ABSTRACT

This tradition of British liberalism nevertheless provided a basis for naming the traumas inflicted on others to secure the British Empire. During the Irish War of Independence (1919-21), anti-republican reprisals directed against Irish homesteads and communities by the Black and Tans and Auxiliaries provoked a broadly constituted and vociferous public campaign of protest in England. A Labour Party Commission sent to investigate the condition of Ireland in November 1920 reported that ‘things are being done in the name of Britain which must make her name stink in the nostrils of the whole world’ (ibid.); while in the Peace With Ireland Council, Conservatives and socialists joined with Liberals to publicize and condemn the British ‘terror’, and to call for an end to the conflict (ibid.: 61-102, 229 n. 119).
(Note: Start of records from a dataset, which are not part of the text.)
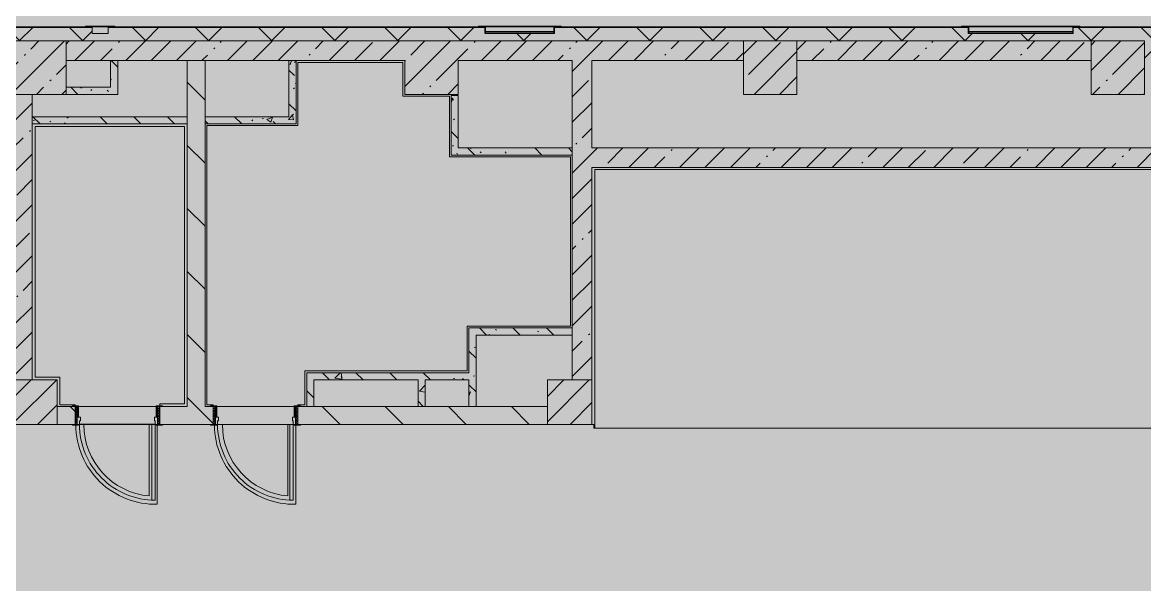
# Model space of a CAD drawing. Header units: millimetres. Extents: x -5714 to 188114, y -8553 to 29000.
# Drawn here: x 74925 to 87514, y 9105 to 15407 of the extents above; entities that cross this region are included whole.
import ezdxf

# ---------------------------------------------------------------- set-up
doc = ezdxf.new("R2010")
doc.units = ezdxf.units.MM
for name, color, linetype, lineweight in [('A-DETL-4', 7, 'Continuous', 5), ('A-WALL-2', 7, 'Continuous', 5), ('I-WALL-2', 7, 'Continuous', 5), ('S-COLS-2', 7, 'Continuous', 5)]:
    doc.layers.add(name, color=color, linetype=linetype, lineweight=lineweight)
doc.layers.add('A-DETL-GENF-3', color=7, linetype='Continuous', lineweight=9, true_color=0xc0c0c0, transparency=0.4)
for name, color, linetype, lineweight, true_color in [('A-DOOR-3', 7, 'Continuous', 5, 0xaaaaaa), ('A-DOOR-4', 7, 'Continuous', 5, 0xe2e2e2), ('A-DOOR-5', 7, 'Continuous', 5, 0xb7b7b7), ('A-DOOR-FRAM-2', 7, 'Continuous', 5, 0xe2e2e2), ('A-DOOR-FRAM-3', 7, 'Continuous', 5, 0xaaaaaa), ('A-DOOR-FRAM-4', 7, 'Continuous', 5, 0xb7b7b7), ('A-FLOR-1', 7, 'Continuous', 5, 0xb7b7b7), ('A-GENM-3', 7, 'Continuous', 5, 0x737373), ('A-GENM-4', 7, 'Continuous', 5, 0xa1a1a1), ('A-WALL-3', 7, 'Continuous', 5, 0x737373), ('A-WALL-4', 7, 'Continuous', 9, 0x737373), ('A-WALL-5', 7, 'Continuous', 5, 0xa1a1a1), ('I-WALL-3', 7, 'Continuous', 5, 0x737373), ('I-WALL-4', 7, 'Continuous', 5, 0x787878), ('S-COLS-1', 7, 'Continuous', 5, 0x737373)]:
    doc.layers.add(name, color=color, linetype=linetype, lineweight=lineweight, true_color=true_color)
pattern_1 = [(135, (61103.76, 0), (-353.553, -353.553), [])]
pattern_2 = [(135, (1826.41, 164.685), (-14.14214, -14.14214), []), (225, (1826.41, 164.685), (14.14214, -14.14214), [])]
pattern_3 = [(45, (-296.384, 164.685), (-14.1421, 14.1421), []), (135, (-296.384, 164.685), (-14.1421, -14.1421), [])]
pattern_4 = [(45, (61103.76, 0), (-285.123, 285.123), []), (45, (61388.9, 0), (-285.123, 285.123), [504.031, -100.806, 16.764, -84.042])]
pattern_5 = [(135, (61103.76, 0), (-377.171, -377.171), [533.4, -88.9, 17.78, -88.9]), (135, (61103.76, 376.94), (-377.171, -377.171), []), (50, (61103.76, 0), (637.645, -55.787), [66.675, -733.425]), (355, (61103.76, 0), (-123.35, 668.7), [53.34, -586.74]), (100.451, (61156.9, -4.65), (514.299, 612.908), [56.665, -623.315]), (46.184, (61103.8, 177.8), (948.776, -147.15), [100.012, -1100.137]), (96.636, (61182.8, 165.5), (830.91, 865.997), [84.998, -934.973]), (351.184, (61103.8, 177.8), (830.918, 865.99), [80.01, -880.11]), (21, (61192.66, 133.35), (530.651, -357.928), [66.675, -733.425]), (326, (61192.66, 133.35), (216.308, 644.658), [53.34, -586.74]), (71.451, (61236.9, 103.5), (746.96, 286.724), [56.665, -623.315]), (37.5, (61103.76, 0), (10.8105, 295.9426), [16.764, -562.864, 16.764, -578.866, -588.962]), (37.5, (61103.76, 0), (10.8105, 295.9426), [-1175.258, 16.764, -572.198]), (7.5, (61103.76, 0), (233.869, 350.6318), [16.764, -322.834, 16.764, -549.529, -224.472]), (7.5, (61103.76, 0), (233.869, 350.6318), [-905.891, 16.764, -207.708]), (327.5, (60905.51, 0), (474.5678, -20.0513), [16.764, -205.486, 16.764, -676.656, -920.115]), (327.5, (60905.51, 0), (474.5678, -20.0513), [-915.67, 16.764, -903.351]), (317.5, (60816.6, 0), (518.452, 88.9934), [16.764, -272.161, 16.764, -443.738, -653.415]), (317.5, (60816.6, 0), (518.452, 88.9934), [-749.427, 16.764, -636.651])]

# ---------------------------------------------------------------- blocks, each defined once
blk = doc.blocks.new('BSC_Колонна _Прямоугольная - 600х600-V121-3_9_1_птичка')
at = {"layer": 'S-COLS-2'}
h = blk.add_hatch(dxfattribs=at)
h.set_pattern_fill('FP_58', color=256, style=0, pattern_type=2)
h.set_pattern_definition([(45, (-14010, -14900), (-285.123, 285.123), []), (45, (-13724.88, -14900), (-285.123, 285.123), [504.031, -100.806, 16.764, -84.042])])
h.paths.add_polyline_path([(-22, -300), (300, -300), (300, 300), (-300, 300), (-300, -300)])
at = {"layer": 'S-COLS-1'}
for p, q in [((300, 300), (-300, 300)), ((-300, 300), (-300, -300)), ((300, -300), (300, 300)), ((-300, -300), (300, -300))]:
    blk.add_line(p, q, dxfattribs=at)
blk = doc.blocks.new('BSC_Колонна _Прямоугольная - 600х600-V123-3_9_1_птичка')
at = {"layer": 'S-COLS-2'}
h = blk.add_hatch(dxfattribs=at)
h.set_pattern_fill('FP_60', color=256, style=0, pattern_type=2)
h.set_pattern_definition([(45, (-26110, -14900), (-285.123, 285.123), []), (45, (-25824.88, -14900), (-285.123, 285.123), [504.031, -100.806, 16.764, -84.042])])
h.paths.add_polyline_path([(-300, -300), (300, -300), (300, 300), (-300, 300), (-300, -208)])
at = {"layer": 'S-COLS-1'}
for p, q in [((300, 300), (-300, 300)), ((-300, 300), (-300, -300)), ((300, -300), (300, 300)), ((-300, -300), (300, -300))]:
    blk.add_line(p, q, dxfattribs=at)
blk = doc.blocks.new('110_Дверь_СКБ_1Ст_Внутренняя1 - Д-7_п__950x2100h_Туалет EW30-32897972-3_9_1_птичка')
at = {"layer": 'A-DOOR-3'}
h = blk.add_hatch(dxfattribs=at)
h.set_pattern_fill('FP_15', color=256, style=0, pattern_type=2)
h.set_pattern_definition(pattern_2)
h.paths.add_polyline_path([(487.5, 100), (462.5, 100), (462.5, -100), (487.5, -100)])
at = {"layer": 'A-DOOR-4'}
h = blk.add_hatch(color=256, dxfattribs=at)
h.paths.add_polyline_path([(437.5, 100), (437.5, 60), (427.5, 60), (427.5, 20), (462.5, 20), (462.5, 100)])
h.paths.add_polyline_path([(-412.5, 100), (-437.5, 100), (-437.5, 20), (-402.5, 20), (-402.5, 60), (-412.5, 60)])
at = {"layer": 'A-DOOR-FRAM-2'}
for points in [[(-412.5, 950), (-412.5, 100), (-372.5, 100), (-372.5, 950)], [(-492.5, 108), (-492.5, 100), (-422.5, 100), (-422.5, 108)], [(-422.5, 20), (-437.5, 20), (-437.5, -100), (-422.5, -100)], [(517.5, 108), (447.5, 108), (447.5, 100), (517.5, 100)], [(462.5, 20), (447.5, 20), (447.5, -100), (462.5, -100)], [(-492.5, -100), (-492.5, -108), (-422.5, -108), (-422.5, -100)], [(447.5, -100), (447.5, -108), (517.5, -108), (517.5, -100)]]:
    blk.add_hatch(color=256, dxfattribs=at).paths.add_polyline_path(points)
at = {"layer": 'A-DOOR-FRAM-3'}
h = blk.add_hatch(dxfattribs=at)
h.set_pattern_fill('FP_16', color=256, style=0, pattern_type=2)
h.set_pattern_definition(pattern_3)
h.paths.add_polyline_path([(-437.5, 100), (-462.5, 100), (-462.5, -100), (-437.5, -100)])
at = {"layer": 'A-DOOR-5'}
for p, q in [((-412.5, 950), (-412.5, 100)), ((-372.5, 950), (-412.5, 950)), ((-372.5, 100), (-372.5, 950)), ((-412.5, 100), (-372.5, 100))]:
    blk.add_line(p, q, dxfattribs=at)
blk.add_arc((-412.5, 100), 850, 360, 90, dxfattribs=at)
at = {"layer": 'A-DOOR-FRAM-4'}
for p, q in [((-422.5, 108), (-492.5, 108)), ((-492.5, 108), (-492.5, 100)), ((-492.5, 100), (-422.5, 100)), ((-437.5, 100), (-462.5, 100)), ((-462.5, 100), (-462.5, -100)), ((-412.5, 100), (-437.5, 100)), ((-437.5, 100), (-437.5, 20)), ((-437.5, -100), (-437.5, 100)), ((-422.5, 100), (-437.5, 100)), ((-437.5, 100), (-437.5, 99)), ((-437.5, 99), (-422.5, 99)), ((-437.5, 20), (-402.5, 20)), ((-422.5, 20), (-437.5, 20)), ((-437.5, 20), (-437.5, -100)), ((-422.5, 100), (-422.5, 108)), ((-422.5, 99), (-422.5, 100)), ((-422.5, -100), (-422.5, 20)), ((-412.5, 60), (-412.5, 100)), ((-402.5, 60), (-412.5, 60)), ((-402.5, 20), (-402.5, 60)), ((437.5, 60), (427.5, 60)), ((427.5, 60), (427.5, 20)), ((427.5, 20), (462.5, 20)), ((437.5, 100), (437.5, 60)), ((462.5, 100), (437.5, 100)), ((517.5, 108), (447.5, 108)), ((447.5, 108), (447.5, 100)), ((462.5, 100), (447.5, 100)), ((447.5, 100), (447.5, 99)), ((447.5, 100), (517.5, 100)), ((447.5, 99), (462.5, 99)), ((462.5, 20), (447.5, 20)), ((447.5, 20), (447.5, -100)), ((462.5, 20), (462.5, 100)), ((487.5, 100), (462.5, 100)), ((462.5, 100), (462.5, -100)), ((462.5, 99), (462.5, 100)), ((462.5, -100), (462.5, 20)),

Among its supporters, the radical liberal historian and journalist, J. L. Hammond, demanded a public enquiry into the reprisals ‘on the grounds of justice to the British people’ as well as to the Irish. Attempting to convey, in his reports from Ireland, his sense of the reciprocal damage caused to English civil and political culture by this war waged by the imperial state, Hammond endorsed the truth of a comment made to him by an Irishman: ‘This is a tragedy . . . but it is your tragedy, not ours’ (ibid.: 100).